>>>
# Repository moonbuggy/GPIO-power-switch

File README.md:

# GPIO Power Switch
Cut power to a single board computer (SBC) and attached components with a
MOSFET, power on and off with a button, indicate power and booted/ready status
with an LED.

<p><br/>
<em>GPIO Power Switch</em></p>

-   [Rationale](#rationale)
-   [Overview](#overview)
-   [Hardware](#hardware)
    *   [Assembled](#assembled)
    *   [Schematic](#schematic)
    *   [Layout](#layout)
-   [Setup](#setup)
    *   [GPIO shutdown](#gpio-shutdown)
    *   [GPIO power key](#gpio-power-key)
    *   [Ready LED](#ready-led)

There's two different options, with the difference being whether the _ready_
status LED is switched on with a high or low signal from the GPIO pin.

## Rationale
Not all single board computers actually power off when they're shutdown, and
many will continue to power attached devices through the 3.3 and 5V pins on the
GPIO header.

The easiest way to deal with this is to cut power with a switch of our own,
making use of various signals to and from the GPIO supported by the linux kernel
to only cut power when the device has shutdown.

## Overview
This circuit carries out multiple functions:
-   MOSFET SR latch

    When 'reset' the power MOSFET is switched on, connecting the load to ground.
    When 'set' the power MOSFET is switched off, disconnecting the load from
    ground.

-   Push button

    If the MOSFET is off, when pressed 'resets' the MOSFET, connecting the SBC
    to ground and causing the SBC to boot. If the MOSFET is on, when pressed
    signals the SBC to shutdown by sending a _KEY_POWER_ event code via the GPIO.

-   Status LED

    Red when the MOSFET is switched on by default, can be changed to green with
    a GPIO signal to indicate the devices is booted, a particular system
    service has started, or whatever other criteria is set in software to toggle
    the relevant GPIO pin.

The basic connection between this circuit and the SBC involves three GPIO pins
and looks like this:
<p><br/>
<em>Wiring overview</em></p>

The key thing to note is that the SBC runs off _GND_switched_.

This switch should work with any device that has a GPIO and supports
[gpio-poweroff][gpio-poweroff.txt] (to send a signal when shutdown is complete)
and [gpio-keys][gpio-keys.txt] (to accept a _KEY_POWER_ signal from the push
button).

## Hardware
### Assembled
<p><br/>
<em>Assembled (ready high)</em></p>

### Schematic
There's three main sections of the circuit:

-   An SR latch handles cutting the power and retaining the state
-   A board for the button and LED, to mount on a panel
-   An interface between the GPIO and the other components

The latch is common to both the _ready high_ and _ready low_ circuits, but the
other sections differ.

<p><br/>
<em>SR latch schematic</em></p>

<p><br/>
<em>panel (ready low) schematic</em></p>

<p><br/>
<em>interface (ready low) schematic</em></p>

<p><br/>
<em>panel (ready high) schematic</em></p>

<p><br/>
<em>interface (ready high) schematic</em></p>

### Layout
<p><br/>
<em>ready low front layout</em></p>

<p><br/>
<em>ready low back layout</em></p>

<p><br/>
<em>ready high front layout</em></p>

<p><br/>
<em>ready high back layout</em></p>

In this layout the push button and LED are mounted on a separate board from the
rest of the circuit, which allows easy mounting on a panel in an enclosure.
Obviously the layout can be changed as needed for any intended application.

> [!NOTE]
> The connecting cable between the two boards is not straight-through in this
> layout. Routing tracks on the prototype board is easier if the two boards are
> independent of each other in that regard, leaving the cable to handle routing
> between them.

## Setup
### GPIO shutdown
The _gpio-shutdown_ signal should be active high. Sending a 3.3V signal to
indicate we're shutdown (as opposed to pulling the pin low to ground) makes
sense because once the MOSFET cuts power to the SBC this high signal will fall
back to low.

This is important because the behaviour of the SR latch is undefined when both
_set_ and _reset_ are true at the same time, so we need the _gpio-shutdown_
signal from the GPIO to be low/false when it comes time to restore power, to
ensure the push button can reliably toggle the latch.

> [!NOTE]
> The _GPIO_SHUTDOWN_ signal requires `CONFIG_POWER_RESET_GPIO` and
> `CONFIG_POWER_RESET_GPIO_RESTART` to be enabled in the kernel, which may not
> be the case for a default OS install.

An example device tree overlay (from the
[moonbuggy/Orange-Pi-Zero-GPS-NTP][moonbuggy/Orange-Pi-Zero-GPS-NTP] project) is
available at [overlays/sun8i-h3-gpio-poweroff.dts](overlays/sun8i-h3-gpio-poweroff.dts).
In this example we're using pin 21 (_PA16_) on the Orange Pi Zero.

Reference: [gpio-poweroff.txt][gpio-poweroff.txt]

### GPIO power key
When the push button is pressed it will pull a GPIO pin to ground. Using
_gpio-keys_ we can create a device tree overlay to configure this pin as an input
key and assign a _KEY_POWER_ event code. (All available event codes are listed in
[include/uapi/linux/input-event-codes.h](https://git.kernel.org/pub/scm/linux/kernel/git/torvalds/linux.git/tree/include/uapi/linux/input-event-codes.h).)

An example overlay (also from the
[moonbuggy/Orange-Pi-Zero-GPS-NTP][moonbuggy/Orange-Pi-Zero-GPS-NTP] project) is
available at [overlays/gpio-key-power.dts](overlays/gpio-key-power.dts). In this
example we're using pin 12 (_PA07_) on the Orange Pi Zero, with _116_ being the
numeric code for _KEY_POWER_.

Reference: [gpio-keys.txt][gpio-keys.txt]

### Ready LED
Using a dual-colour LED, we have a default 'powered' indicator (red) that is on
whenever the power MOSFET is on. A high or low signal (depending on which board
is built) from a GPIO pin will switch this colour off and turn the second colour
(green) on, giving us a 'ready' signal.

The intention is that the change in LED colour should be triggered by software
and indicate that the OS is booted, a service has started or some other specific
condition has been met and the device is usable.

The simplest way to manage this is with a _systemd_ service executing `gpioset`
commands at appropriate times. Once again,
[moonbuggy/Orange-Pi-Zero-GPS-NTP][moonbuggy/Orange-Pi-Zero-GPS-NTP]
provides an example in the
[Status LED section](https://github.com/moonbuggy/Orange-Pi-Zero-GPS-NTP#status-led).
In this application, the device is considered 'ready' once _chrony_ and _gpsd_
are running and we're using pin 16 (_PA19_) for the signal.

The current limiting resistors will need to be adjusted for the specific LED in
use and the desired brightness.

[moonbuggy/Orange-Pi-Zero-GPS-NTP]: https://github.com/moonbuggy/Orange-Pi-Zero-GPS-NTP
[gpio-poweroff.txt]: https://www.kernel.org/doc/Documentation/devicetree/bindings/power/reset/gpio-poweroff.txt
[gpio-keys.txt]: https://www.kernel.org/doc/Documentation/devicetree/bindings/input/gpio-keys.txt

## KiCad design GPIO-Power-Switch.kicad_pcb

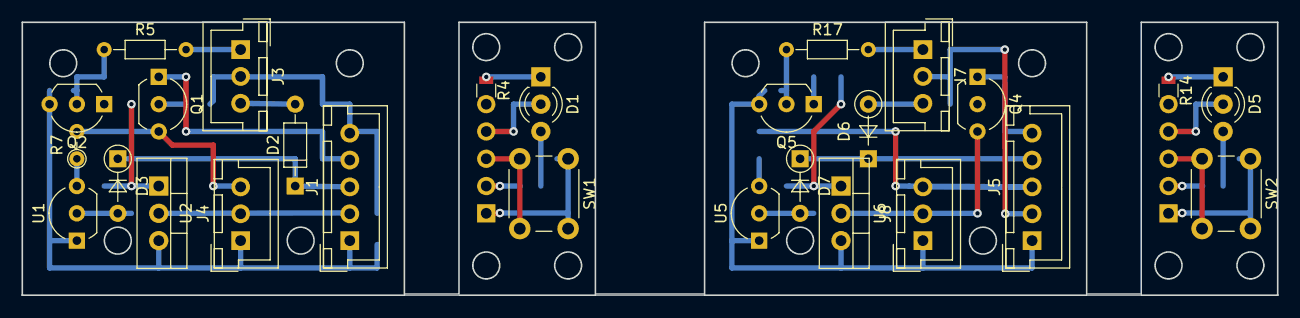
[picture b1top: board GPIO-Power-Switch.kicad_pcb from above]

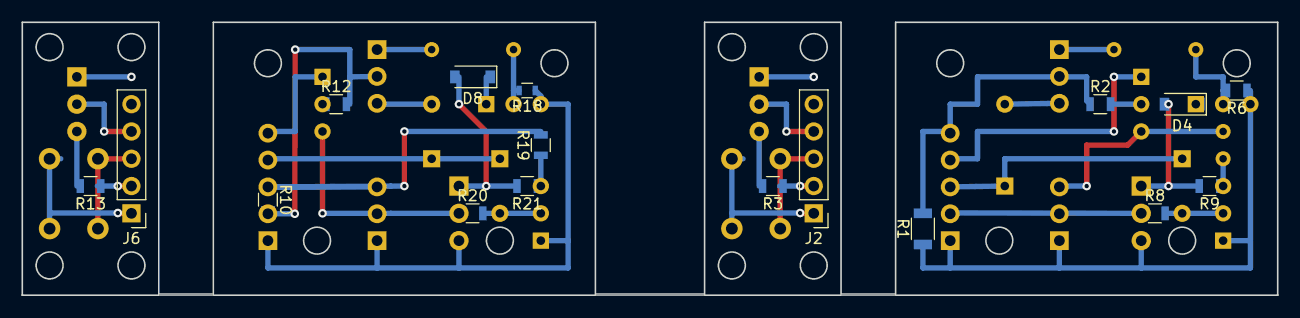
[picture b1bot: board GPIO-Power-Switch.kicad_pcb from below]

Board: 2 copper layers, 116.8 x 25.4 mm, 44 parts (17 on the bottom side), 27 nets.

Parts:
D1, D5: Red/Green; LED_D3.0mm-3
D2: BAT48; D_DO-35_SOD27_P7.62mm_Horizontal
D3, D7: BAT48; D_DO-35_SOD27_P5.08mm_Vertical_AnodeUp
D4, D8: B0520LW; D_SOD-123
D6: BAT48; D_DO-35_SOD27_P5.08mm_Vertical_KathodeUp
J1, J5: Pannel_Out; JST_XH_B05B-XH-A_05x2.50mm_Straight
J2, J6: Panel_In; Pin_Header_Straight_1x05_Pitch2.54mm
J3, J7: GPIO; JST_XH_B03B-XH-A_03x2.50mm_Straight
J4, J8: Power; JST_XH_B03B-XH-A_03x2.50mm_Straight
Q1: BS208; TO-92_Inline_Wide
Q2, Q4, Q5: BS170; TO-92_Inline_Wide
R1: 1M; R_1206
R2, R3, R8, R9, R12, R13, R19, R20, R21: 10k; R_0805
R4, R14: 4k7; R_0805
R5, R17: 10k; R_Axial_DIN0204_L3.6mm_D1.6mm_P7.62mm_Horizontal
R6, R10: 1M; R_0805
R7: 10k; R_Axial_DIN0204_L3.6mm_D1.6mm_P2.54mm_Vertical
R18: 1M; R_0603
SW1, SW2: SW_Push; SW_PUSH_6mm
U1, U5: 2N7000; TO-92_Inline_Wide
U2, U6: IRL540N; TO-220-3_Vertical

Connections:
(not)Reset: D2.1, D3.1, D6.1, D7.1, J1.3, J2.3, J5.4, J6.3, SW1.2, SW2.2
(not)Set: D4.1, D8.1, Q2.1, Q5.1
+5V: D5.2, J4.3, J5.3, J6.4, J8.3, Q1.3, R7.2, R10.1, R19.2
/Power Switch (active low leds)/GPIO_SHUTDOWN: J7.1, R17.2
/Power Switch (active low leds)/KEY_POWER: D6.2, J7.3
/Power Switch (active low leds)/NQ: R19.1, R21.1, U5.3
/Power Switch (active low leds)/READY_SIGNAL: J5.2, J6.5, J7.2, R10.2, R12.2, R14.2
/Power Switch (active low leds)/green: D5.1, R14.1
/Power Switch (active low leds)/red: J5.5, J6.2, Q4.1, R13.1
/Power Switch/GPIO_SHUTDOWN: J3.1, R5.2
/Power Switch/KEY_POWER: D2.2, J3.3
/Power Switch/NQ: R7.1, R9.1, U1.3
/Power Switch/READY_SIGNAL: J1.5, J2.5, J3.2, R1.2, R2.1, R4.2
/Power Switch/green: D1.1, R4.1
/Power Switch/red: J1.4, J2.2, Q1.1, R3.1
GND: J1.1, J2.1, J4.1, J5.1, J6.1, J8.1, Q2.3, Q5.3, R1.1, R6.1, R18.1, SW1.1, SW2.1, U1.1, U2.3, U5.1, U6.3
GND_SWITCHED: D1.2, J1.2, J2.4, J4.2, J8.2, Q4.3, R8.1, R20.1, U2.2, U6.2
unnamed: D1.3, R3.2
unnamed: D3.2, R8.2, U1.2
unnamed: D4.2, R9.2, U2.1
unnamed: D5.3, R13.2
unnamed: D7.2, R20.2, U5.2
unnamed: D8.2, R21.2, U6.1
unnamed: Q1.2, R2.2
unnamed: Q2.2, R5.1, R6.2
unnamed: Q4.2, R12.1
unnamed: Q5.2, R17.1, R18.2

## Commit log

2024-04-18 fixed typo
<<<
The answer should consist only of the lines from the one containing "unnamed: D5.3, R13.2" through the last line of the data, given again exactly.

▸ **Task output**:
unnamed: D5.3, R13.2
unnamed: D7.2, R20.2, U5.2
unnamed: D8.2, R21.2, U6.1
unnamed: Q1.2, R2.2
unnamed: Q2.2, R5.1, R6.2
unnamed: Q4.2, R12.1
unnamed: Q5.2, R17.1, R18.2

## Commit log

2024-04-18 fixed typo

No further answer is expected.